CARMA CO(J = 2 - 1) Observations of the Circumstellar Envelope of Betelgeuse

TL;DR

This study uses CARMA interferometry to observe Betelgeuse's circumstellar envelope, successfully separating and imaging the S1 and S2 outflow components, revealing detailed velocity structures and spatial extents of the stellar wind.

Contribution

First detection and separation of S1 and S2 flow components in Betelgeuse's envelope using high-resolution interferometry, providing new insights into the wind structure and extent.

Findings

S1 flow has asymmetric velocities from -9.0 to +10.6 km/s.

S2 flow extends beyond 17 arcseconds, larger than previous estimates.
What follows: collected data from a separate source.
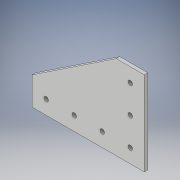
# Autodesk Inventor part: Drivetrain_gussets
Saved by Autodesk Inventor 2018 (Build 220112000, 112)
## iProperties
Created: 2018-09-06
Part Number: Drivetrain_gussets
Material: Generic
Document SubType Name: Modeling
Designer: baoan
Density: 1 g/cm^3
Appearance: Default
Author: baoan
Autodesk Inventor part; units mm, degrees
ref_plane "YZ Plane" through (0, 0, 0) normal (1, 0, 0) x (0, 1, 0)
ref_plane "XZ Plane" through (0, 0, 0) normal (0, 1, 0) x (-1, 0, 0)
ref_plane "XY Plane" through (0, 0, 0) normal (0, 0, 1) x (1, 0, 0)
sketch "Sketch1" plane through (0, 0, 0) normal (0, 0, 1) x (1, 0, 0)
  line L0 (-50.8, -38.1) -> (50.8, -38.1)
  line L1 (50.8, -38.1) -> (50.8, 38.1)
  line L2 (50.8, 38.1) -> (25.4, 38.1)
  line L3 (-50.8, 38.1) -> (-50.8, -12.7) construction
  line L4 (-50.8, -38.1) -> (50.8, 38.1) construction
  line L5 (50.8, -38.1) -> (-50.8, 38.1) construction
  line L6 (-50.8, -12.7) -> (25.4, 38.1)
  line L7 (25.4, 38.1) -> (-50.8, 38.1) construction
  line L8 (-50.8, -12.7) -> (-50.8, -38.1)
  point P0 (0, 0)
  dimension "d0" = 101.6
  dimension "d1" = 76.2
  dimension "d2" = 25.4
  dimension "d3" = 25.4
  constraints: 18 end point, 4 parallel, 2 midpoint, 1 horizontal, 1 perpendicular
  measures "d0" distance of L3.start L1.end
  measures "d1" distance of L1.end L0.end
  measures "d2" distance of L1.end L2.end
  measures "d3" distance of L0.start L3.end
extrude "Extrusion1" add sketch "Sketch1" along normal mid plane 3.175
sketch "Sketch2" plane through (0, 0, 1.5875) normal (0, 0, 1) x (1, 0, 0)
  line L0 (50.8, -38.1) -> (50.8, 38.1) projected
  line L1 (50.8, 38.1) -> (25.4, 38.1) projected
  point P0 (0, 0)
  point P1 (38.1, 25.4)
  point P2 (38.1, 0)
  point P3 (38.1, -25.4)
  point P4 (12.7, -25.4)
  point P5 (-12.7, -25.4)
  point P6 (-38.1, -25.4)
  dimension "d6" = 25.4
  dimension "d7" = 25.4
  dimension "d8" = 25.4
  dimension "d9" = 12.7
  dimension "d10" = 25.4
  dimension "d11" = 25.4
  dimension "d12" = 12.7
  constraints: 3 horizontal alignment, 2 vertical alignment
  measures "d6" distance of point (-12.7, -25.4) point (-38.1, -25.4)
  measures "d7" distance of point (12.7, -25.4) point (-12.7, -25.4)
  measures "d8" distance of point (38.1, -25.4) point (12.7, -25.4)
  measures "d9" distance from line of L0 point (38.1, -25.4)
  measures "d10" distance of point (38.1, -25.4) point (38.1, 0)
  measures "d11" distance of point (38.1, 25.4) point (38.1, 0)
  measures "d12" distance from line of L1 point (38.1, 25.4)
hole "Hole1" at (38.1, 25.4, 1.5875) at (38.1, 0, 1.5875) at (38.1, -25.4, 1.5875) at (12.7, -25.4, 1.5875) at (-12.7, -25.4, 1.5875) at (-38.1, -25.4, 1.5875) direction (0, 0, -1) diameter 4.1402 end through all
body "Solid1"

Both flows exhibit an intensity fall-off proportional to R^{-1}.

Abstract

We report radio interferometric observations of the 12C16O 1.3 mm J = 2-1 emission line in the circumstellar envelope of the M supergiant Alpha Ori and have detected and separated both the S1 and S2 flow components for the first time. Observations were made with the Combined Array for Research in Millimeter-wave Astronomy (CARMA) interferometer in the C, D, and E antenna configurations. We obtain good u-v coverage (5-280 klambda) by combining data from all three configurations allowing us to trace spatial scales as small as 0.9\arcsec over a 32\arcsec field of view. The high spectral and spatial resolution C configuration line profile shows that the inner S1 flow has slightly asymmetric outflow velocities ranging from -9.0 km s-1 to +10.6 km s-1 with respect to the stellar rest frame. We find little evidence for the outer S2 flow in this configuration because the majority of this emission has been spatially-filtered (resolved out) by the array. We also report a SOFIA-GREAT CO(J= 12-11) emission line profile which we associate with this inner higher excitation S1 flow. The outer S2 flow appears in the D and E configuration maps and its outflow velocity is found to be in good agreement with high resolution optical spectroscopy of K I obtained at the McDonald Observatory. We image both S1 and S2 in the multi-configuration maps and see a gradual change in the angular size of the emission in the high absolute velocity maps. We assign an outer radius of 4\arcsec to S1 and propose that S2 extends beyond CARMA's field of view (32\arcsec at 1.3 mm) out to a radius of 17\arcsec which is larger than recent single-dish observations have indicated. When azimuthally averaged, the intensity fall-off for both flows is found to be proportional to R^{-1}, where R is the projected radius, indicating optically thin winds with \rho \propto R^{-2}.